Hackers Set Up Online Shop to Sell Access to Firms

This post is also available in: עברית (Hebrew)

Hackers who try to sell access to major companies worldwide are no breaking news in the world of cybercrime. What makes Br0k3r stand out is that they are trying to sell this access and information through their own “online shop” website.

Br0k3r is what cybersecurity experts call an initial access broker (IAB). These attackers have established themselves as a major name in cybercrime. They sell access to various companies from the US, UK, UAE, Taiwan, and Switzerland among other countries. They then allow buyers to breach the organizations of their choice and infect them with ransomware, according to Cybernews.

IB-Group, a cybersecurity company that has been tracking the IAB market has spotlighted a new IAB, Br0k3r. This attacker was mentioned on one of the underground forums on June 17th. According to experts, Br0k3r is one of the “first to conduct private access sales through its own website.”
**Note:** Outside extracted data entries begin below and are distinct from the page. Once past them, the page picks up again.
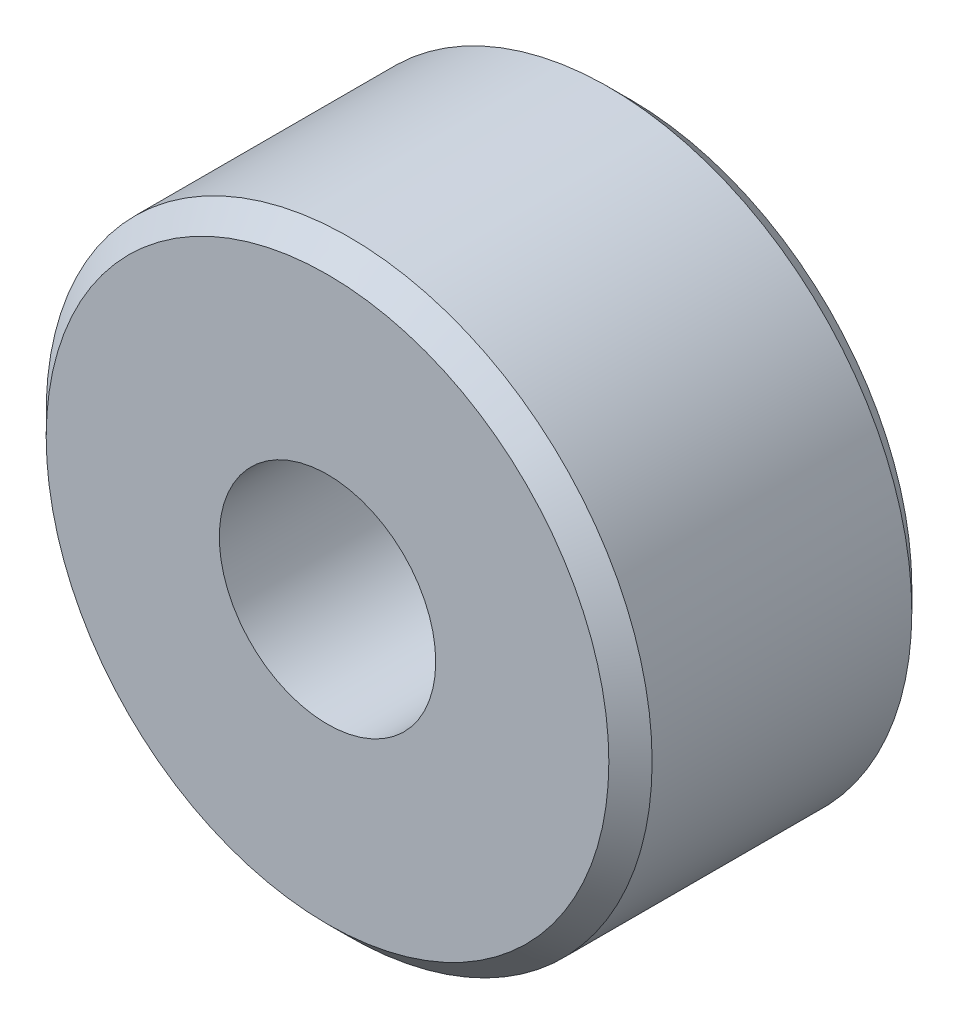
from build123d import *

# Parameters (mm, degrees)
SKETCH1_R           = 1.4
SKETCH1_R_2         = 0.5
BOSS_EXTRUDE1_DEPTH = 1.4
CHAMFER1_SIZE       = 0.1


with BuildPart() as part:
    # Sketch1 → Boss-Extrude1 (new body)
    with BuildSketch(Plane.XY):
        Circle(SKETCH1_R)
        Circle(SKETCH1_R_2, mode=Mode.SUBTRACT)
    extrude(amount=BOSS_EXTRUDE1_DEPTH)

    # Chamfer1
    chamfer1_edges = [part.edges().sort_by_distance(p)[0] for p in [
        (-1.4, 0, 0),
        (-1.4, 0, 1.4),
        (-0.5, 0, 0),
    ]]
    chamfer(chamfer1_edges, length=CHAMFER1_SIZE)


solid = part.part

According to Br0k3r’s website, it’s selling access to 47 different networks worldwide, four of which have already been sold, including access to an electricity firm with a revenue of $370 million, among others.

Most of the companies on the list seem to be major players, making tens of millions of dollars in revenue. Some of the biggest potential catches for criminals include a Spanish manufacturer, a supplier and installer of tracker equipment with $600 million in revenue, and a Norwegian multinational company with a staggering $1.1 billion in revenue.

According to the IB-Group Report, IABs usually compromise VPN and RDP accounts to penetrate an organization’s network. There were 380 active IABs worldwide between June 2021 and June 2022.